The problem is as follows:

The figure from below represents a trigonometric circle or unit circle. Assume $PQ=|\sin\theta|$. Find the area of the region represented by $ABC$.

Sketch of the problem

The choices given are as follows:

$\begin{array}{ll} 1.&\frac{\sin\theta}{2}\\ 2.&1\\ 3.&\frac{1}{2}\\ 4.&-\frac{\sin\theta}{2}\\ \end{array}$

Well, I'm totally lost in this problem. As I don't know how to understand the negative value which it has been given in the figure.

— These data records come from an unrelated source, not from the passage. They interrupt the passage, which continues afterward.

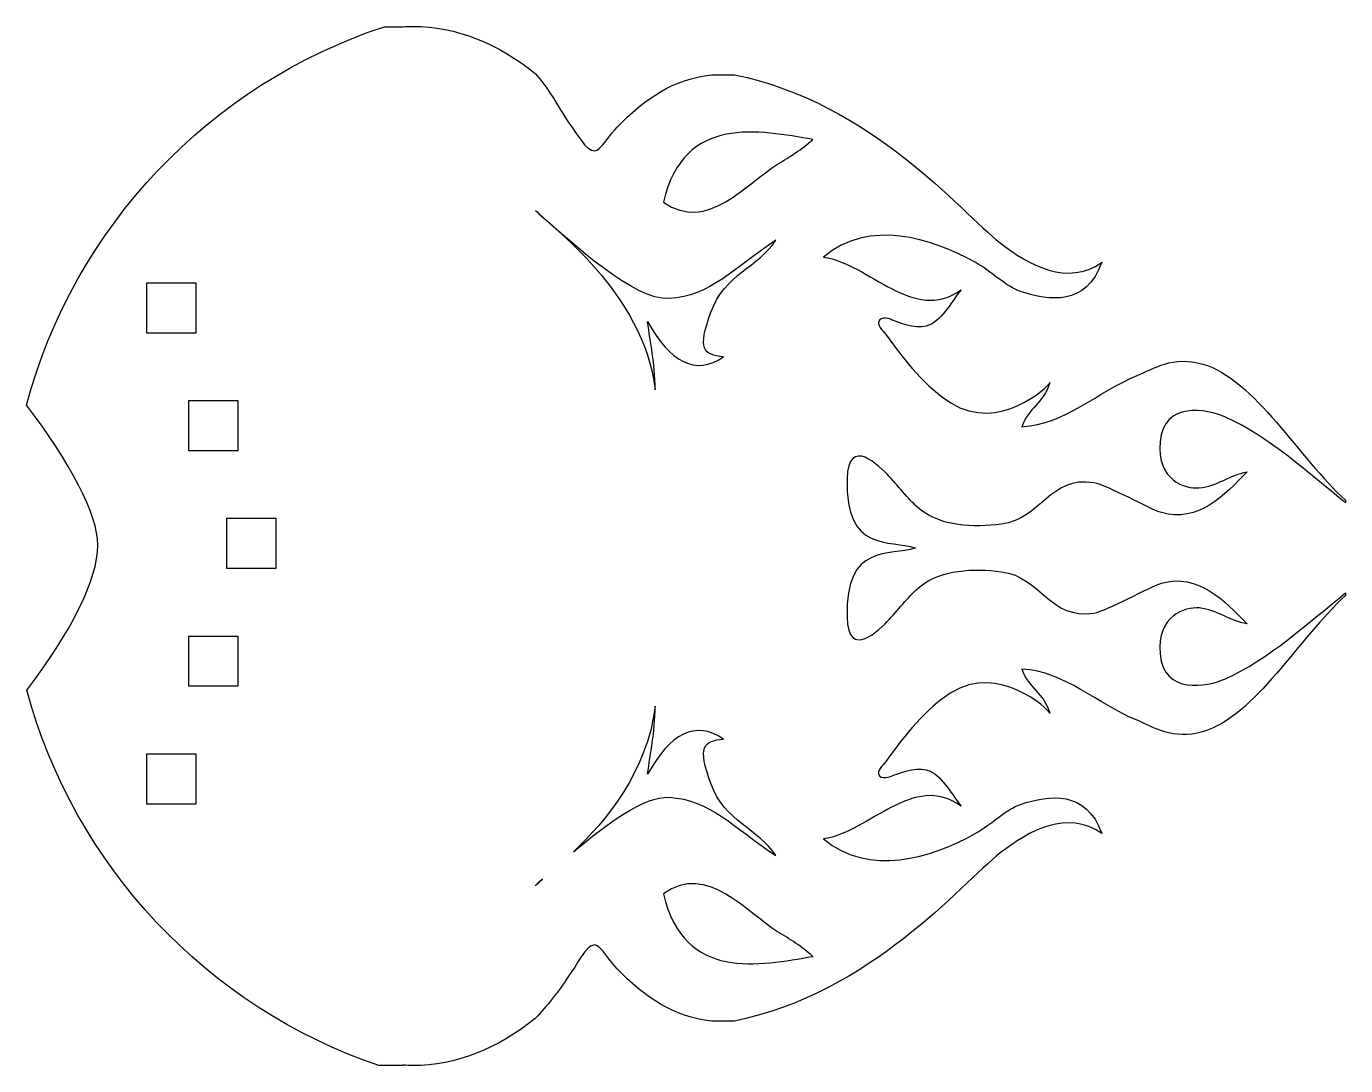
# Model space of a CAD drawing. Header units: millimetres. Extents: x -107 to 106, y -85 to 83.
import ezdxf

# ---------------------------------------------------------------- set-up
doc = ezdxf.new("R2010")
doc.units = ezdxf.units.MM
doc.header["$MEASUREMENT"] = 0
doc.layers.add('Layer 1', color=7, linetype='Continuous')

msp = doc.modelspace()

# ---------------------------------------------------------------- linework, layer by layer
at = {"layer": 'Layer 1', "color": 23}
for points, knots in [([(-19.3325, 67.5453), (-21.0065, 70.2328), (-22.7866, 73.4265), (-24.65, 75.432), (-24.65, 75.432), (-30.6796, 80.3286), (-37.3852, 83.0718), (-44.4563, 83.0718), (-44.4563, 83.0718), (-44.9827, 83.0718), (-45.4935, 83.0442), (-45.9923, 82.9959), (-45.9923, 82.9959), (-45.9923, 82.9959), (-45.9923, 83.0238), (-45.9923, 83.0238), (-45.9923, 83.0238), (-45.9923, 83.0238), (-48.9994, 83.0238), (-48.9994, 83.0238), (-48.9994, 83.0238), (-77.1662, 73.7799), (-99.085, 50.7637), (-106.7953, 21.9361), (-106.7953, 21.9361), (-99.7302, 12.7914), (-95.2503, 4.2471), (-95.2503, -0.6287), (-95.2503, -0.6287), (-95.2503, -6.1761), (-99.7119, -14.9098), (-106.747, -24.0203), (-106.747, -24.0203), (-99.079, -52.4524), (-77.585, -75.2098), (-49.9159, -84.6286), (-49.9159, -84.6286), (-49.9159, -84.6286), (-45.9923, -84.6286), (-45.9923, -84.6286), (-45.9923, -84.6286), (-45.9923, -84.6286), (-45.9923, -84.5495), (-45.9923, -84.5495), (-45.9923, -84.5495), (-45.4935, -84.5954), (-44.9827, -84.6212), (-44.4563, -84.6212), (-44.4563, -84.6212), (-37.4011, -84.6212), (-30.7096, -81.8896), (-24.6902, -77.0132), (-24.6902, -77.0132), (-22.8123, -74.9991), (-21.0192, -72.9121), (-19.3325, -70.2042), (-19.3325, -70.2042), (-17.9874, -68.5828), (-16.6052, -65.1379), (-15.0597, -65.1605), (-15.0597, -65.1605), (-14.2137, -65.1729), (-12.398, -68.0477), (-11.4497, -69.0146), (-11.4497, -69.0146), (-6.9825, -73.5686), (-2.425, -76.7849), (3.7857, -77.4347), (3.7857, -77.4347), (3.7857, -77.4347), (7.4567, -77.4347), (7.4567, -77.4347), (7.4567, -77.4347), (29.5956, -72.9661), (43.9061, -55.3974), (50.3488, -50.3174), (50.3488, -50.3174), (54.967, -46.6746), (61.2479, -43.2742), (66.7463, -47.1777), (66.7463, -47.1777), (64.2211, -40.1003), (58.2973, -40.9526), (53.6515, -42.4674), (53.6515, -42.4674), (51.3585, -43.2153), (48.8587, -45.7627), (46.3099, -47.1777), (46.3099, -47.1777), (39.1767, -51.1355), (29.2086, -54.2237), (21.8352, -48.0332), (21.8352, -48.0332), (29.2118, -47.0027), (36.3312, -37.2078), (44.0458, -42.7524), (44.0458, -42.7524), (42.7338, -41.106), (40.9963, -38.01), (39.092, -37.1366), (39.092, -37.1366), (37.241, -36.2864), (34.9113, -37.0971), (33.1548, -37.7818), (33.1548, -37.7818), (32.7233, -37.9508), (31.0064, -38.7152), (30.7076, -37.4721), (30.7076, -37.4721), (30.583, -36.9552), (31.7726, -35.6955), (31.931, -35.4743), (31.931, -35.4743), (35.0386, -31.1379), (38.4486, -26.9822), (42.3937, -24.4835), (42.3937, -24.4835), (50.1188, -19.5929), (58.2038, -27.1879), (58.3636, -27.7671), (58.3636, -27.7671), (57.3677, -24.4168), (54.8732, -23.6869), (53.8357, -20.6304), (53.8357, -20.6304), (60.845, -21.0668), (65.9518, -26.21), (72.4362, -28.9087), (72.4362, -28.9087), (75.0736, -30.0059), (78.2285, -32.1328), (83.0217, -30.7633), (83.0217, -30.7633), (91.4196, -28.3647), (98.6579, -15.4294), (106.0895, -8.7838), (106.0895, -8.7838), (106.0895, -8.7838), (106.0895, -8.3562), (106.0895, -8.3562), (106.0895, -8.3562), (100.3882, -12.875), (93.4784, -19.2652), (86.6924, -22.201), (86.6924, -22.201), (83.656, -23.5137), (76.7514, -24.8169), (76.1686, -18.2051), (76.1686, -18.2051), (75.6204, -11.9892), (80.1589, -10.5809), (82.471, -10.7819), (82.471, -10.7819), (85.391, -11.0374), (87.3817, -12.9088), (90.1806, -13.3516), (90.1806, -13.3516), (86.6814, -9.688), (82.2428, -5.0712), (76.3521, -6.7857), (76.3521, -6.7857), (74.4217, -7.3484), (67.727, -11.2215), (65.4537, -11.594), (65.4537, -11.594), (58.3534, -12.754), (57.0096, -5.7679), (50.5312, -4.9308), (50.5312, -4.9308), (46.0058, -4.3459), (40.8457, -4.5374), (37.3761, -7.3572), (37.3761, -7.3572), (35.6835, -8.733), (34.1796, -10.7319), (32.4207, -12.6379), (32.4207, -12.6379), (30.9707, -14.2092), (25.8114, -19.401), (25.6286, -12.2103), (25.6286, -12.2103), (25.3235, -0.1884), (32.5995, -2.4931), (36.6247, -1.1024), (36.6247, -1.1024), (36.6247, -1.1024), (36.7041, -1.1014), (36.7041, -1.1014), (36.7041, -1.1014), (36.6917, -1.0961), (36.6776, -1.0929), (36.6656, -1.0887), (36.6656, -1.0887), (36.6776, -1.0855), (36.6917, -1.0809), (36.7041, -1.0767), (36.7041, -1.0767), (36.7041, -1.0767), (36.6247, -1.0756), (36.6247, -1.0756), (36.6247, -1.0756), (32.5995, 0.3143), (25.3235, -1.9904), (25.6286, 10.0309), (25.6286, 10.0309), (25.8114, 17.2212), (30.9707, 12.0301), (32.4207, 10.4581), (32.4207, 10.4581), (34.1796, 8.5538), (35.6835, 6.5546), (37.3761, 5.1777), (37.3761, 5.1777), (40.8457, 2.3594), (46.0058, 2.1668), (50.5312, 2.752), (50.5312, 2.752), (57.0096, 3.5885), (58.3534, 10.5756), (65.4537, 9.4142), (65.4537, 9.4142), (67.7267, 9.0435), (74.4217, 5.1696), (76.3521, 4.6076), (76.3521, 4.6076), (82.2428, 2.8921), (86.6814, 7.5092), (90.1806, 11.1728), (90.1806, 11.1728), (87.3817, 10.729), (85.391, 8.8582), (82.4707, 8.6039), (82.4707, 8.6039), (80.1589, 8.401), (75.6204, 9.8104), (76.1683, 16.0249), (76.1683, 16.0249), (76.7511, 22.6381), (83.656, 21.3353), (86.6924, 20.0215), (86.6924, 20.0215), (93.4784, 17.0868), (100.3882, 10.6962), (106.0895, 6.1768), (106.0895, 6.1768), (106.0895, 6.1768), (106.0895, 6.6061), (106.0895, 6.6061), (106.0895, 6.6061), (98.6579, 13.2514), (91.4196, 26.1853), (83.0217, 28.5849), (83.0217, 28.5849), (78.2285, 29.954), (75.0733, 27.8268), (72.4362, 26.7293), (72.4362, 26.7293), (65.9515, 24.0309), (60.845, 18.8881), (53.8357, 18.4517), (53.8357, 18.4517), (54.8732, 21.5078), (57.3677, 22.2381), (58.3632, 25.5884), (58.3632, 25.5884), (58.2038, 25.0084), (50.1188, 17.4142), (42.3937, 22.3054), (42.3937, 22.3054), (38.4486, 24.8045), (35.0386, 28.9578), (31.931, 33.2959), (31.931, 33.2959), (31.7726, 33.5167), (30.583, 34.7772), (30.7076, 35.2929), (30.7076, 35.2929), (31.0064, 36.5368), (32.7233, 35.7717), (33.1548, 35.6027), (33.1548, 35.6027), (34.9113, 34.9172), (37.241, 34.1069), (39.092, 34.9575), (39.092, 34.9575), (40.9963, 35.8309), (42.7338, 38.9266), (44.0458, 40.5737), (44.0458, 40.5737), (36.3312, 35.0298), (29.2118, 44.8246), (21.8352, 45.8541), (21.8352, 45.8541), (29.2086, 52.0453), (39.1767, 48.956), (46.3095, 44.9986), (46.3095, 44.9986), (48.8587, 43.5829), (51.3585, 41.0365), (53.6515, 40.2886), (53.6515, 40.2886), (58.2973, 38.7731), (64.2211, 37.9211), (66.7459, 44.9986), (66.7459, 44.9986), (61.2479, 41.0954), (54.967, 44.4959), (50.3488, 48.1383), (50.3488, 48.1383), (43.9057, 53.2186), (29.5956, 70.787), (7.4567, 75.2556), (7.4567, 75.2556), (7.4567, 75.2556), (3.7857, 75.2556), (3.7857, 75.2556), (3.7857, 75.2556), (-2.425, 74.6062), (-6.9825, 71.3888), (-11.4497, 66.8348), (-11.4497, 66.8348), (-12.398, 65.8693), (-14.2137, 62.9938), (-15.0597, 62.9811), (-15.0597, 62.9811), (-16.6052, 62.9592), (-17.8921, 65.8961), (-19.3325, 67.5453)], [0, 0, 0, 0, 0.01204819, 0.01204819, 0.01204819, 0.01204819, 0.02409639, 0.02409639, 0.02409639, 0.02409639, 0.03614458, 0.03614458, 0.03614458, 0.03614458, 0.04819277, 0.04819277, 0.04819277, 0.04819277, 0.06024096, 0.06024096, 0.06024096, 0.06024096, 0.07228916, 0.07228916, 0.07228916, 0.07228916, 0.08433735, 0.08433735, 0.08433735, 0.08433735, 0.09638554, 0.09638554, 0.09638554, 0.09638554, 0.10843373, 0.10843373, 0.10843373, 0.10843373, 0.12048193, 0.12048193, 0.12048193, 0.12048193, 0.13253012, 0.13253012, 0.13253012, 0.13253012, 0.14457831, 0.14457831, 0.14457831, 0.14457831, 0.15662651, 0.15662651, 0.15662651, 0.15662651, 0.1686747, 0.1686747, 0.1686747, 0.1686747, 0.18072289, 0.18072289, 0.18072289, 0.18072289, 0.19277108, 0.19277108, 0.19277108, 0.19277108, 0.20481928, 0.20481928, 0.20481928, 0.20481928, 0.21686747, 0.21686747, 0.21686747, 0.21686747, 0.22891566, 0.22891566, 0.22891566, 0.22891566, 0.24096386, 0.24096386, 0.24096386, 0.24096386, 0.25301205, 0.25301205, 0.25301205, 0.25301205, 0.26506024, 0.26506024, 0.26506024, 0.26506024, 0.27710843, 0.27710843, 0.27710843, 0.27710843, 0.28915663, 0.28915663, 0.28915663, 0.28915663, 0.30120482, 0.30120482, 0.30120482, 0.30120482, 0.31325301, 0.31325301, 0.31325301, 0.31325301, 0.3253012, 0.3253012, 0.3253012, 0.3253012, 0.3373494, 0.3373494, 0.3373494, 0.3373494, 0.34939759, 0.34939759, 0.34939759, 0.34939759, 0.36144578, 0.36144578, 0.36144578, 0.36144578, 0.37349398, 0.37349398, 0.37349398, 0.37349398, 0.38554217, 0.38554217, 0.38554217, 0.38554217, 0.39759036, 0.39759036, 0.39759036, 0.39759036, 0.40963855, 0.40963855, 0.40963855, 0.40963855, 0.42168675, 0.42168675, 0.42168675, 0.42168675, 0.43373494, 0.43373494, 0.43373494, 0.43373494, 0.44578313, 0.44578313, 0.44578313, 0.44578313, 0.45783133, 0.45783133, 0.45783133, 0.45783133, 0.46987952, 0.46987952, 0.46987952, 0.46987952, 0.48192771, 0.48192771, 0.48192771, 0.48192771, 0.4939759, 0.4939759, 0.4939759, 0.4939759, 0.5060241, 0.5060241, 0.5060241, 0.5060241, 0.51807229, 0.51807229, 0.51807229, 0.51807229, 0.53012048, 0.53012048, 0.53012048, 0.53012048, 0.54216867, 0.54216867, 0.54216867, 0.54216867, 0.55421687, 0.55421687, 0.55421687, 0.55421687, 0.56626506, 0.56626506, 0.56626506, 0.56626506, 0.57831325, 0.57831325, 0.57831325, 0.57831325, 0.59036145, 0.59036145, 0.59036145, 0.59036145, 0.60240964, 0.60240964, 0.60240964, 0.60240964, 0.61445783, 0.61445783, 0.61445783, 0.61445783, 0.62650602, 0.62650602, 0.62650602, 0.62650602, 0.63855422, 0.63855422, 0.63855422, 0.63855422, 0.65060241, 0.65060241, 0.65060241, 0.65060241, 0.6626506, 0.6626506, 0.6626506, 0.6626506, 0.6746988, 0.6746988, 0.6746988, 0.6746988, 0.68674699, 0.68674699, 0.68674699, 0.68674699, 0.69879518, 0.69879518, 0.69879518, 0.69879518, 0.71084337, 0.71084337, 0.71084337, 0.71084337, 0.72289157, 0.72289157, 0.72289157, 0.72289157, 0.73493976, 0.73493976, 0.73493976, 0.73493976, 0.74698795, 0.74698795, 0.74698795, 0.74698795, 0.75903614, 0.75903614, 0.75903614, 0.75903614, 0.77108434, 0.77108434, 0.77108434, 0.77108434, 0.78313253, 0.78313253, 0.78313253, 0.78313253, 0.79518072, 0.79518072, 0.79518072, 0.79518072, 0.80722892, 0.80722892, 0.80722892, 0.80722892, 0.81927711, 0.81927711, 0.81927711, 0.81927711, 0.8313253, 0.8313253, 0.8313253, 0.8313253, 0.84337349, 0.84337349, 0.84337349, 0.84337349, 0.85542169, 0.85542169, 0.85542169, 0.85542169, 0.86746988, 0.86746988, 0.86746988, 0.86746988, 0.87951807, 0.87951807, 0.87951807, 0.87951807, 0.89156627, 0.89156627, 0.89156627, 0.89156627, 0.90361446, 0.90361446, 0.90361446, 0.90361446, 0.91566265, 0.91566265, 0.91566265, 0.91566265, 0.92771084, 0.92771084, 0.92771084, 0.92771084, 0.93975904, 0.93975904, 0.93975904, 0.93975904, 0.95180723, 0.95180723, 0.95180723, 0.95180723, 0.96385542, 0.96385542, 0.96385542, 0.96385542, 0.97590361, 0.97590361, 0.97590361, 0.97590361, 1, 1, 1, 1]), ([(20.1218, 64.8374), (18.3166, 63.1941), (16.3915, 62.0522), (14.4318, 60.8401), (14.4318, 60.8401), (9.3088, 57.6718), (3.1055, 49.7004), (-3.9849, 54.7031), (-3.9849, 54.7031), (-0.6755, 69.0122), (11.5831, 66.2298), (20.1218, 64.8374)], [0, 0, 0, 0, 0.25, 0.25, 0.25, 0.25, 0.5, 0.5, 0.5, 0.5, 1, 1, 1, 1]), ([(-3.1277, 39.1463), (3.6227, 39.5235), (7.2905, 44.0256), (14.1263, 48.5659), (14.1263, 48.5659), (11.3838, 44.1727), (5.926, 43.2121), (3.6552, 36.9334), (3.6552, 36.9334), (1.4891, 30.9439), (2.4444, 30.0507), (5.6946, 29.7543), (5.6946, 29.7543), (1.1695, 26.6323), (-2.9682, 28.9112), (-6.5546, 35.4362), (-6.5546, 35.4362), (-6.1083, 31.8618), (-5.3826, 28.9394), (-5.3311, 24.4447), (-5.3311, 24.4447), (-7.1388, 40.0872), (-22.5033, 51.0794), (-24.6348, 53.3661), (-24.6348, 53.3661), (-18.5621, 47.8956), (-8.6388, 38.8387), (-3.1277, 39.1463)], [0, 0, 0, 0, 0.125, 0.125, 0.125, 0.125, 0.25, 0.25, 0.25, 0.25, 0.375, 0.375, 0.375, 0.375, 0.5, 0.5, 0.5, 0.5, 0.625, 0.625, 0.625, 0.625, 0.75, 0.75, 0.75, 0.75, 1, 1, 1, 1]), ([(-87.3897, 41.6391), (-87.3897, 41.6391), (-79.3898, 41.6391), (-79.3898, 41.6391), (-79.3898, 41.6391), (-79.3898, 41.6391), (-79.3898, 33.6391), (-79.3898, 33.6391), (-79.3898, 33.6391), (-79.3898, 33.6391), (-87.3897, 33.6391), (-87.3897, 33.6391), (-87.3897, 33.6391), (-87.3897, 33.6391), (-87.3897, 41.6391), (-87.3897, 41.6391)], [0, 0, 0, 0, 0.2, 0.2, 0.2, 0.2, 0.4, 0.4, 0.4, 0.4, 0.6, 0.6, 0.6, 0.6, 1, 1, 1, 1]), ([(-72.6299, 14.6396), (-72.6299, 14.6396), (-80.6301, 14.6396), (-80.6301, 14.6396), (-80.6301, 14.6396), (-80.6301, 14.6396), (-80.6301, 22.6395), (-80.6301, 22.6395), (-80.6301, 22.6395), (-80.6301, 22.6395), (-72.6299, 22.6395), (-72.6299, 22.6395), (-72.6299, 22.6395), (-72.6299, 22.6395), (-72.6299, 14.6396), (-72.6299, 14.6396)], [0, 0, 0, 0, 0.2, 0.2, 0.2, 0.2, 0.4, 0.4, 0.4, 0.4, 0.6, 0.6, 0.6, 0.6, 1, 1, 1, 1]), ([(-66.5109, -4.36), (-66.5109, -4.36), (-74.5109, -4.36), (-74.5109, -4.36), (-74.5109, -4.36), (-74.5109, -4.36), (-74.5109, 3.64), (-74.5109, 3.64), (-74.5109, 3.64), (-74.5109, 3.64), (-66.5109, 3.64), (-66.5109, 3.64), (-66.5109, 3.64), (-66.5109, 3.64), (-66.5109, -4.36), (-66.5109, -4.36)], [0, 0, 0, 0, 0.2, 0.2, 0.2, 0.2, 0.4, 0.4, 0.4, 0.4, 0.6, 0.6, 0.6, 0.6, 1, 1, 1, 1]), ([(-72.6299, -23.3599), (-72.6299, -23.3599), (-80.6301, -23.3599), (-80.6301, -23.3599), (-80.6301, -23.3599), (-80.6301, -23.3599), (-80.6301, -15.3599), (-80.6301, -15.3599), (-80.6301, -15.3599), (-80.6301, -15.3599), (-72.6299, -15.3599), (-72.6299, -15.3599), (-72.6299, -15.3599), (-72.6299, -15.3599), (-72.6299, -23.3599), (-72.6299, -23.3599)], [0, 0, 0, 0, 0.2, 0.2, 0.2, 0.2, 0.4, 0.4, 0.4, 0.4, 0.6, 0.6, 0.6, 0.6, 1, 1, 1, 1]), ([(-6.5546, -37.6146), (-2.9682, -31.0896), (1.1695, -28.8107), (5.6946, -31.9324), (5.6946, -31.9324), (2.4444, -32.2301), (1.4891, -33.1223), (3.6552, -39.1132), (3.6552, -39.1132), (5.926, -45.3905), (11.3838, -46.3511), (14.1263, -50.7457), (14.1263, -50.7457), (7.2905, -46.2051), (3.6227, -41.7026), (-3.1277, -41.3262), (-3.1277, -41.3262), (-7.0238, -41.1085), (-13.1244, -45.5704), (-18.5116, -50.1371), (-18.5116, -50.1371), (-13.2997, -45.1781), (-6.6138, -37.2128), (-5.3311, -26.6248), (-5.3311, -26.6248), (-5.3826, -31.1178), (-6.1083, -34.0406), (-6.5546, -37.6146)], [0, 0, 0, 0, 0.125, 0.125, 0.125, 0.125, 0.25, 0.25, 0.25, 0.25, 0.375, 0.375, 0.375, 0.375, 0.5, 0.5, 0.5, 0.5, 0.625, 0.625, 0.625, 0.625, 0.75, 0.75, 0.75, 0.75, 1, 1, 1, 1]), ([(-87.3897, -34.3595), (-87.3897, -34.3595), (-79.3898, -34.3595), (-79.3898, -34.3595), (-79.3898, -34.3595), (-79.3898, -34.3595), (-79.3898, -42.3594), (-79.3898, -42.3594), (-79.3898, -42.3594), (-79.3898, -42.3594), (-87.3897, -42.3594), (-87.3897, -42.3594), (-87.3897, -42.3594), (-87.3897, -42.3594), (-87.3897, -34.3595), (-87.3897, -34.3595)], [0, 0, 0, 0, 0.2, 0.2, 0.2, 0.2, 0.4, 0.4, 0.4, 0.4, 0.6, 0.6, 0.6, 0.6, 1, 1, 1, 1]), ([(14.4318, -63.0195), (16.3915, -64.2303), (18.3166, -65.3733), (20.1218, -67.0161), (20.1218, -67.0161), (11.5831, -68.4086), (-0.6755, -71.1909), (-3.9849, -56.8826), (-3.9849, -56.8826), (3.1055, -51.8791), (9.3088, -59.8516), (14.4318, -63.0195)], [0, 0, 0, 0, 0.25, 0.25, 0.25, 0.25, 0.5, 0.5, 0.5, 0.5, 1, 1, 1, 1]), ([(-24.687, -55.5907), (-24.4478, -55.3371), (-24.0442, -54.9843), (-23.5151, -54.5356), (-23.5151, -54.5356), (-23.9194, -54.8996), (-24.3106, -55.2524), (-24.687, -55.5907)], [0, 0, 0, 0, 0.33333333, 0.33333333, 0.33333333, 0.33333333, 1, 1, 1, 1])]:
    msp.add_open_spline(points, degree=3, knots=knots, dxfattribs=at)

doc.saveas('drawing.dxf')

The image has been reconstructed from the original source which isn't very clear, so I did to my best of drawing abilities to put all the information but it is not very clear if the angle starts on point which lies on $\textrm{x-axis}$ or in point $B$ so, please consider this in your answer, so it may match the answers given.

In short my biggest complain is that weird arrow how should I understand it?. Can you please address this doubt of mine in the heading of your answer?

Other than that what I could notice is that catch here is how to get the value of the base of the triangle and the height for $\triangle ABC$. The thing is that I'm confused how to use the fact that it confuses me that $PQ$ is given as an absolute value.

Since this was found in an old trigonometry practice sheet the sort of strategy which I'm looking to get is by relying in the concepts of trigonometric circle.

As an extension to this I also notice that the radius here is one unit.

Thus can someone guide me here on exactly what to do, and what should I do to get one of the answers given in the choices?.

Since I'm not very sure with this topic I appreciate that the answer given would include the necessary steps to get to that answer.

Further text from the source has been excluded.